À l’échelle mondiale, l’e-santé connaît une expansion rapide, stimulée par les avancées technologiques, les besoins croissants en matière de santé et les défis démographiques. De nombreux pays ont adopté des stratégies nationales pour promouvoir la santé numérique, allant de la mise en place de dossiers médicaux électroniques à l’utilisation de l’intelligence artificielle pour le diagnostic et le traitement des maladies.

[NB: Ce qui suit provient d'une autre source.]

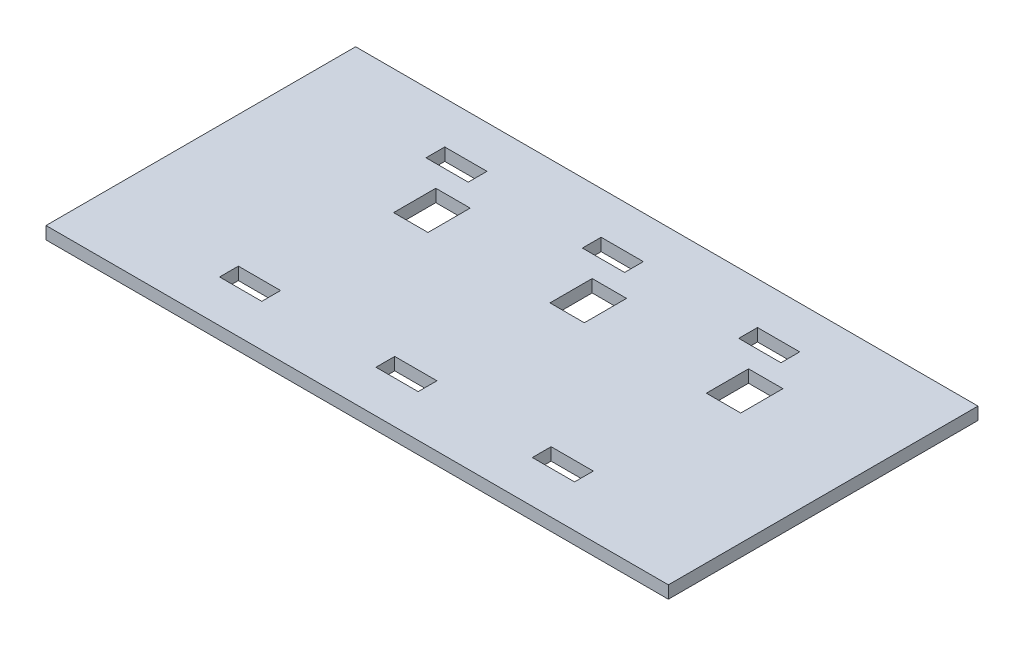
from build123d import *

# Parameters (mm, degrees)
SKETCH1_W                 = 101.092
SKETCH1_H                 = 50.292
BOSS_EXTRUDE1_DEPTH       = 2.032
SKETCH2_W                 = 5.588
SKETCH2_H                 = 6.858
WIRE_HOLE_DEPTH           = 57.492021171
SKETCH3_W                 = 6.858
SKETCH3_H                 = 3.048
CUT_EXTRUDE2_DEPTH        = 57.492021171
LPATTERN1_COUNT           = 2
LPATTERN1_PITCH           = 25.4
LPATTERN1_COUNT_DIR2      = 2
LPATTERN1_PITCH_DIR2      = 25.4
LPATTERN1_COPY_1_SKETCH_W = 6.858
LPATTERN1_COPY_1_SKETCH_H = 3.048
LPATTERN1_COPY_1_DEPTH    = 57.492021171
LPATTERN1_COPY_2_SKETCH_W = 6.858
LPATTERN1_COPY_2_SKETCH_H = 3.048
LPATTERN1_COPY_2_DEPTH    = 57.492021171
LPATTERN1_COPY_3_SKETCH_W = 6.858
LPATTERN1_COPY_3_SKETCH_H = 3.048
LPATTERN1_COPY_3_DEPTH    = 57.492021171


with BuildPart() as part:
    # Sketch1 → Boss-Extrude1 (new body)
    with BuildSketch(Plane(origin=(0, 0, 0), x_dir=(1, 0, 0), z_dir=(0, 1, 0))):
        Rectangle(SKETCH1_W, SKETCH1_H)
    extrude(amount=BOSS_EXTRUDE1_DEPTH)

    # Sketch2 → Wire Hole (cut, through all)
    with BuildSketch(Plane(origin=(0, 2.032, 0), x_dir=(1, 0, 0), z_dir=(0, 1, 0))):
        with Locations((4.064, 8.322545685)):
            Rectangle(SKETCH2_W, SKETCH2_H)
    wire_hole = extrude(amount=-WIRE_HOLE_DEPTH, mode=Mode.SUBTRACT)

    # Sketch3 → Cut-Extrude2 (cut, through all)
    with BuildSketch(Plane(origin=(0, 2.032, 0), x_dir=(1, 0, 0), z_dir=(0, 1, 0))):
        with Locations((-0.381, 16.764)):
            Rectangle(SKETCH3_W, SKETCH3_H)
    cut_extrude2 = extrude(amount=-CUT_EXTRUDE2_DEPTH, mode=Mode.SUBTRACT)

    # Mirror1: Cut-Extrude2 across plane
    add(cut_extrude2.mirror(Plane.XY), mode=Mode.SUBTRACT)

    # LPattern1: Wire Hole, Cut-Extrude2 2 × 2
    with Locations(*[Vector(-1, 0, 0) * (i * LPATTERN1_PITCH) + Vector(1, 0, 0) * (j * LPATTERN1_PITCH_DIR2) for i in range(LPATTERN1_COUNT) for j in range(LPATTERN1_COUNT_DIR2) if (i, j) != (0, 0)]):
        add(wire_hole, mode=Mode.SUBTRACT)
        add(cut_extrude2, mode=Mode.SUBTRACT)

    # LPattern1 copy 1 sketch → LPattern1 copy 1 (cut, through all)
    with BuildSketch(Plane(origin=(25.4, 2.032, 0), x_dir=(1, 0, 0), z_dir=(0, 1, 0))):
        with Locations((-0.381, -16.764)):
            Rectangle(LPATTERN1_COPY_1_SKETCH_W, LPATTERN1_COPY_1_SKETCH_H)
    extrude(amount=-LPATTERN1_COPY_1_DEPTH, mode=Mode.SUBTRACT)

    # LPattern1 copy 2 sketch → LPattern1 copy 2 (cut, through all)
    with BuildSketch(Plane(origin=(-25.4, 2.032, 0), x_dir=(1, 0, 0), z_dir=(0, 1, 0))):
        with Locations((-0.381, -16.764)):
            Rectangle(LPATTERN1_COPY_2_SKETCH_W, LPATTERN1_COPY_2_SKETCH_H)
    extrude(amount=-LPATTERN1_COPY_2_DEPTH, mode=Mode.SUBTRACT)

    # LPattern1 copy 3 sketch → LPattern1 copy 3 (cut, through all)
    with BuildSketch(Plane(origin=(0, 2.032, 0), x_dir=(1, 0, 0), z_dir=(0, 1, 0))):
        with Locations((-0.381, -16.764)):
            Rectangle(LPATTERN1_COPY_3_SKETCH_W, LPATTERN1_COPY_3_SKETCH_H)
    extrude(amount=-LPATTERN1_COPY_3_DEPTH, mode=Mode.SUBTRACT)


solid = part.part
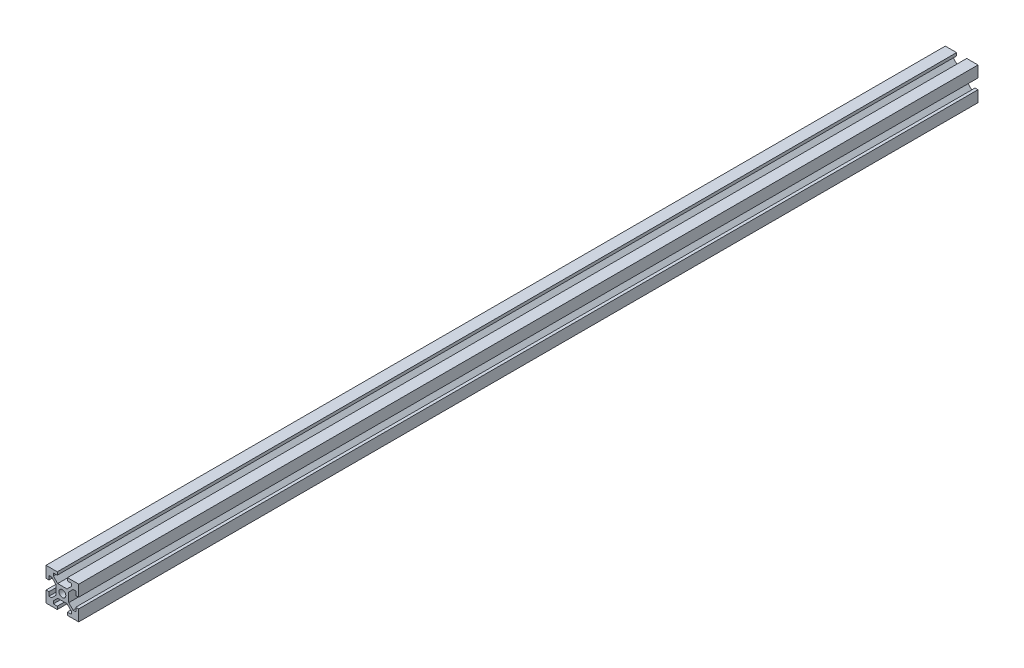
from build123d import *

# Parameters (mm, degrees)
BOSS_EXTRUDE1_DEPTH = 550
SKETCH2_R           = 2.1
CUT_EXTRUDE1_DEPTH  = 551.181788139
SKETCH3_R           = 2.1
CUT_EXTRUDE2_DEPTH  = 551.266506661


with BuildPart() as part:
    # Sketch1 → Boss-Extrude1 (new body)
    with BuildSketch(Plane.XY):
        Polygon((-3.1, 10), (-3.1, 8.200660172), (-5.5, 8.200660172), (-5.5, 6.560660172), (-2.84, 3.900660172), (2.84, 3.900660172), (5.5, 6.560660172), (5.5, 8.200660172), (3.1, 8.200660172), (3.1, 10), (10, 10), (10, 3.1), (8.200660172, 3.1), (8.200660172, 5.5), (6.560660172, 5.5), (3.900660172, 2.84), (3.900660172, -2.84), (6.560660172, -5.5), (8.200660172, -5.5), (8.200660172, -3.1), (10, -3.1), (10, -10), (3.1, -10), (3.1, -8.200660172), (5.5, -8.200660172), (5.5, -6.560660172), (2.84, -3.900660172), (-2.84, -3.900660172), (-5.5, -6.560660172), (-5.5, -8.200660172), (-3.1, -8.200660172), (-3.1, -10), (-10, -10), (-10, -3.1), (-8.200660172, -3.1), (-8.200660172, -5.5), (-6.560660172, -5.5), (-3.900660172, -2.84), (-3.900660172, 2.84), (-6.560660172, 5.5), (-8.200660172, 5.5), (-8.200660172, 3.1), (-10, 3.1), (-10, 10), align=None)
    extrude(amount=BOSS_EXTRUDE1_DEPTH)

    # Sketch2 → Cut-Extrude1 (cut, through all)
    with BuildSketch(Plane.XY.offset(550)):
        Circle(SKETCH2_R)
    extrude(amount=-CUT_EXTRUDE1_DEPTH, mode=Mode.SUBTRACT)

    # Sketch3 → Cut-Extrude2 (cut, through all)
    with BuildSketch(Plane(origin=(0, 3.900660172, 0), x_dir=(1, 0, 0), z_dir=(0, 1, 0))):
        with Locations((0, -275)):
            Circle(SKETCH3_R)
    extrude(amount=-CUT_EXTRUDE2_DEPTH, mode=Mode.SUBTRACT)


solid = part.part
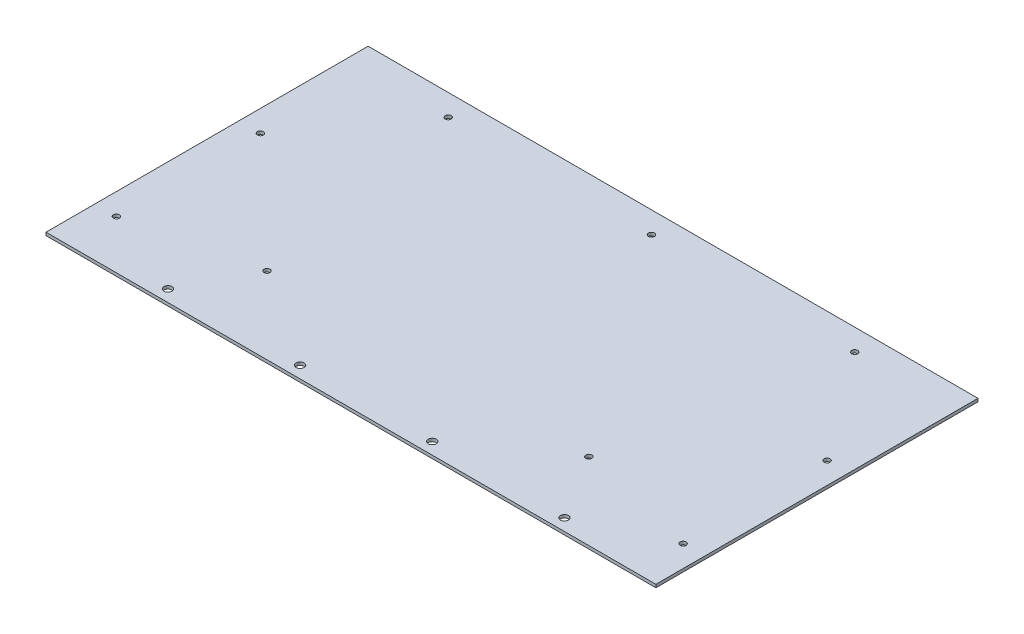
from build123d import *

# Parameters (mm, degrees)
SKETCH1_W            = 457.2
SKETCH1_H            = 2.286
BOSS_EXTRUDE1_DEPTH  = 238.315200026
SKETCH2_W            = 457.2
SKETCH2_H            = 2.286
BOSS_EXTRUDE2_DEPTH  = 3.175
SKETCH9_R            = 3
CUT_EXTRUDE10_DEPTH  = 2.54
LPATTERN1_COUNT      = 4
LPATTERN1_PITCH      = 99.06
M4_CLEARANCE_HOLE1_D = 4.5


with BuildPart() as part:
    # Sketch1 → Boss-Extrude1 (new body)
    with BuildSketch(Plane.XY):
        Rectangle(SKETCH1_W, SKETCH1_H)
    extrude(amount=BOSS_EXTRUDE1_DEPTH)

    # Sketch2 → Boss-Extrude2 (add)
    with BuildSketch(Plane(origin=(0, 0, 0), x_dir=(-1, 0, 0), z_dir=(0, 0, -1))):
        Rectangle(SKETCH2_W, SKETCH2_H)
    extrude(amount=BOSS_EXTRUDE2_DEPTH)

    # Sketch9 → Cut-Extrude10 (cut)
    with BuildSketch(Plane(origin=(0, 1.143, 0), x_dir=(1, 0, 0), z_dir=(0, 1, 0))):
        with Locations((-146.05, -229.425200026)):
            Circle(SKETCH9_R)
    cut_extrude10 = extrude(amount=-CUT_EXTRUDE10_DEPTH, mode=Mode.SUBTRACT)

    # LPattern1: Cut-Extrude10 ×4
    with Locations(*[(i * LPATTERN1_PITCH, 0, 0) for i in range(1, LPATTERN1_COUNT)]):
        add(cut_extrude10, mode=Mode.SUBTRACT)

    # M4 Clearance Hole1 (through all)
    with Locations(Plane.XZ.offset(1.143)):
        with Locations((-212.419, 93.774823778), (-152.4, 13.0175), (0, 13.0175), (152.4, 13.0175), (212.419, 93.774823778), (212.419, 201.724823778), (120.65, 180.586), (-120.65, 180.586), (-212.419, 201.724823778)):
            Hole(M4_CLEARANCE_HOLE1_D / 2)


solid = part.part
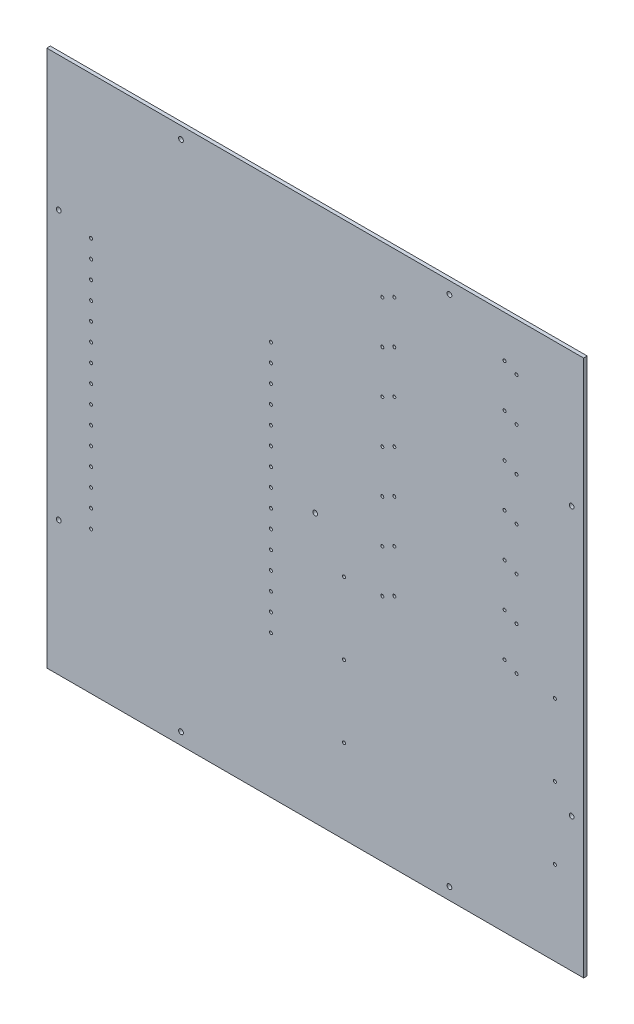
from build123d import *

# Parameters (mm, degrees)
SCHIZZO1_W                   = 448
SCHIZZO1_H                   = 448
SCHIZZO1_R                   = 2
SCHIZZO1_R_2                 = 1.25
ESTRUSIONE_ESTRUSIONE1_DEPTH = 3


with BuildPart() as part:
    # Schizzo1 → Estrusione-Estrusione1 (new body)
    with BuildSketch(Plane.XY):
        with Locations((224, 224)):
            Rectangle(SCHIZZO1_W, SCHIZZO1_H)
        with Locations((10, 336)):
            Circle(SCHIZZO1_R, mode=Mode.SUBTRACT)
        with Locations((336, 438)):
            Circle(SCHIZZO1_R, mode=Mode.SUBTRACT)
        with Locations((438, 336)):
            Circle(SCHIZZO1_R, mode=Mode.SUBTRACT)
        with Locations((438, 112)):
            Circle(SCHIZZO1_R, mode=Mode.SUBTRACT)
        with Locations((336, 10)):
            Circle(SCHIZZO1_R, mode=Mode.SUBTRACT)
        with Locations((112, 10)):
            Circle(SCHIZZO1_R, mode=Mode.SUBTRACT)
        with Locations((10, 112)):
            Circle(SCHIZZO1_R, mode=Mode.SUBTRACT)
        with Locations((36.958788995, 224)):
            Circle(SCHIZZO1_R_2, mode=Mode.SUBTRACT)
        with Locations((112, 438)):
            Circle(SCHIZZO1_R, mode=Mode.SUBTRACT)
        with Locations((36.958788995, 239)):
            Circle(SCHIZZO1_R_2, mode=Mode.SUBTRACT)
        with Locations((36.958788995, 254)):
            Circle(SCHIZZO1_R_2, mode=Mode.SUBTRACT)
        with Locations((36.958788995, 269)):
            Circle(SCHIZZO1_R_2, mode=Mode.SUBTRACT)
        with Locations((36.958788995, 284)):
            Circle(SCHIZZO1_R_2, mode=Mode.SUBTRACT)
        with Locations((36.958788995, 299)):
            Circle(SCHIZZO1_R_2, mode=Mode.SUBTRACT)
        with Locations((36.958788995, 314)):
            Circle(SCHIZZO1_R_2, mode=Mode.SUBTRACT)
        with Locations((36.958788995, 329)):
            Circle(SCHIZZO1_R_2, mode=Mode.SUBTRACT)
        with Locations((248, 70)):
            Circle(SCHIZZO1_R_2, mode=Mode.SUBTRACT)
        with Locations((248, 130)):
            Circle(SCHIZZO1_R_2, mode=Mode.SUBTRACT)
        with Locations((424, 130)):
            Circle(SCHIZZO1_R_2, mode=Mode.SUBTRACT)
        with Locations((424, 70)):
            Circle(SCHIZZO1_R_2, mode=Mode.SUBTRACT)
        with Locations((290, 413)):
            Circle(SCHIZZO1_R_2, mode=Mode.SUBTRACT)
        with Locations((280, 408)):
            Circle(SCHIZZO1_R_2, mode=Mode.SUBTRACT)
        with Locations((392, 408)):
            Circle(SCHIZZO1_R_2, mode=Mode.SUBTRACT)
        with Locations((382, 413)):
            Circle(SCHIZZO1_R_2, mode=Mode.SUBTRACT)
        with Locations((290, 377)):
            Circle(SCHIZZO1_R_2, mode=Mode.SUBTRACT)
        with Locations((280, 372)):
            Circle(SCHIZZO1_R_2, mode=Mode.SUBTRACT)
        with Locations((392, 372)):
            Circle(SCHIZZO1_R_2, mode=Mode.SUBTRACT)
        with Locations((382, 377)):
            Circle(SCHIZZO1_R_2, mode=Mode.SUBTRACT)
        with Locations((290, 341)):
            Circle(SCHIZZO1_R_2, mode=Mode.SUBTRACT)
        with Locations((280, 336)):
            Circle(SCHIZZO1_R_2, mode=Mode.SUBTRACT)
        with Locations((392, 336)):
            Circle(SCHIZZO1_R_2, mode=Mode.SUBTRACT)
        with Locations((382, 341)):
            Circle(SCHIZZO1_R_2, mode=Mode.SUBTRACT)
        with Locations((290, 305)):
            Circle(SCHIZZO1_R_2, mode=Mode.SUBTRACT)
        with Locations((280, 300)):
            Circle(SCHIZZO1_R_2, mode=Mode.SUBTRACT)
        with Locations((392, 300)):
            Circle(SCHIZZO1_R_2, mode=Mode.SUBTRACT)
        with Locations((382, 305)):
            Circle(SCHIZZO1_R_2, mode=Mode.SUBTRACT)
        with Locations((290, 269)):
            Circle(SCHIZZO1_R_2, mode=Mode.SUBTRACT)
        with Locations((280, 264)):
            Circle(SCHIZZO1_R_2, mode=Mode.SUBTRACT)
        with Locations((392, 264)):
            Circle(SCHIZZO1_R_2, mode=Mode.SUBTRACT)
        with Locations((382, 269)):
            Circle(SCHIZZO1_R_2, mode=Mode.SUBTRACT)
        with Locations((290, 233)):
            Circle(SCHIZZO1_R_2, mode=Mode.SUBTRACT)
        with Locations((280, 228)):
            Circle(SCHIZZO1_R_2, mode=Mode.SUBTRACT)
        with Locations((392, 228)):
            Circle(SCHIZZO1_R_2, mode=Mode.SUBTRACT)
        with Locations((382, 233)):
            Circle(SCHIZZO1_R_2, mode=Mode.SUBTRACT)
        with Locations((290, 197)):
            Circle(SCHIZZO1_R_2, mode=Mode.SUBTRACT)
        with Locations((280, 192)):
            Circle(SCHIZZO1_R_2, mode=Mode.SUBTRACT)
        with Locations((392, 192)):
            Circle(SCHIZZO1_R_2, mode=Mode.SUBTRACT)
        with Locations((382, 197)):
            Circle(SCHIZZO1_R_2, mode=Mode.SUBTRACT)
        with Locations((36.958788995, 119)):
            Circle(SCHIZZO1_R_2, mode=Mode.SUBTRACT)
        with Locations((36.958788995, 134)):
            Circle(SCHIZZO1_R_2, mode=Mode.SUBTRACT)
        with Locations((36.958788995, 149)):
            Circle(SCHIZZO1_R_2, mode=Mode.SUBTRACT)
        with Locations((36.958788995, 164)):
            Circle(SCHIZZO1_R_2, mode=Mode.SUBTRACT)
        with Locations((36.958788995, 179)):
            Circle(SCHIZZO1_R_2, mode=Mode.SUBTRACT)
        with Locations((36.958788995, 194)):
            Circle(SCHIZZO1_R_2, mode=Mode.SUBTRACT)
        with Locations((36.958788995, 209)):
            Circle(SCHIZZO1_R_2, mode=Mode.SUBTRACT)
        with Locations((187.041211005, 209)):
            Circle(SCHIZZO1_R_2, mode=Mode.SUBTRACT)
        with Locations((187.041211005, 194)):
            Circle(SCHIZZO1_R_2, mode=Mode.SUBTRACT)
        with Locations((187.041211005, 179)):
            Circle(SCHIZZO1_R_2, mode=Mode.SUBTRACT)
        with Locations((187.041211005, 164)):
            Circle(SCHIZZO1_R_2, mode=Mode.SUBTRACT)
        with Locations((187.041211005, 149)):
            Circle(SCHIZZO1_R_2, mode=Mode.SUBTRACT)
        with Locations((187.041211005, 134)):
            Circle(SCHIZZO1_R_2, mode=Mode.SUBTRACT)
        with Locations((187.041211005, 119)):
            Circle(SCHIZZO1_R_2, mode=Mode.SUBTRACT)
        with Locations((187.041211005, 329)):
            Circle(SCHIZZO1_R_2, mode=Mode.SUBTRACT)
        with Locations((187.041211005, 314)):
            Circle(SCHIZZO1_R_2, mode=Mode.SUBTRACT)
        with Locations((187.041211005, 299)):
            Circle(SCHIZZO1_R_2, mode=Mode.SUBTRACT)
        with Locations((187.041211005, 284)):
            Circle(SCHIZZO1_R_2, mode=Mode.SUBTRACT)
        with Locations((187.041211005, 269)):
            Circle(SCHIZZO1_R_2, mode=Mode.SUBTRACT)
        with Locations((187.041211005, 254)):
            Circle(SCHIZZO1_R_2, mode=Mode.SUBTRACT)
        with Locations((187.041211005, 239)):
            Circle(SCHIZZO1_R_2, mode=Mode.SUBTRACT)
        with Locations((187.041211005, 224)):
            Circle(SCHIZZO1_R_2, mode=Mode.SUBTRACT)
        with Locations((224, 224)):
            Circle(SCHIZZO1_R, mode=Mode.SUBTRACT)
        with Locations((424, 190)):
            Circle(SCHIZZO1_R_2, mode=Mode.SUBTRACT)
        with Locations((248, 190)):
            Circle(SCHIZZO1_R_2, mode=Mode.SUBTRACT)
    extrude(amount=-ESTRUSIONE_ESTRUSIONE1_DEPTH)


solid = part.part

Des régions comme les États-Unis sont à la pointe de l’innovation en matière d’e-santé, avec des investissements importants dans les infrastructures connectées, la recherche et le développement de solutions technologiques. Cependant, des disparités subsistent entre les pays développés et en développement en termes d’accès aux technologies, de financement et de réglementation, soulignant la nécessité d’une approche globale et collaborative pour maximiser les avantages de l’e-santé à l’échelle internationale.

 

Bon à savoir : L’utilisation des téléconsultations a connu une hausse significative lors des périodes de crise sanitaire intense et de confinement. En dehors de ces contextes, elles s’inscrivent désormais comme une pratique régulière des médecins généralistes libéraux, constituant 3,7 % de leur activité en 2021, contre 5,7 % en 2020, selon les chiffres de la DREES. Ainsi, elles sont devenues une part intégrante, mais encore limitée, du parcours médical, se positionnant comme une alternative aux visites traditionnelles. Notamment, elles demeurent moins fréquentes que les consultations en présentiel depuis la levée des restrictions du premier confinement.

 

En somme, l’e-santé s’affirme comme un domaine en pleine expansion, offrant des opportunités sans précédent pour révolutionner la manière dont consulte un patient. Toutefois, son déploiement nécessite une réflexion stratégique, une réglementation appropriée et une collaboration interdisciplinaire pour maximiser ses avantages tout en garantissant l’éthique, la sécurité et la qualité de la prise en charge médicale. À mesure que la technologie continue d’évoluer, il est impératif d’embrasser l’e-santé comme un catalyseur d’innovation, tout en veillant à ce qu’elle serve véritablement le bien-être et la santé des individus à travers le monde.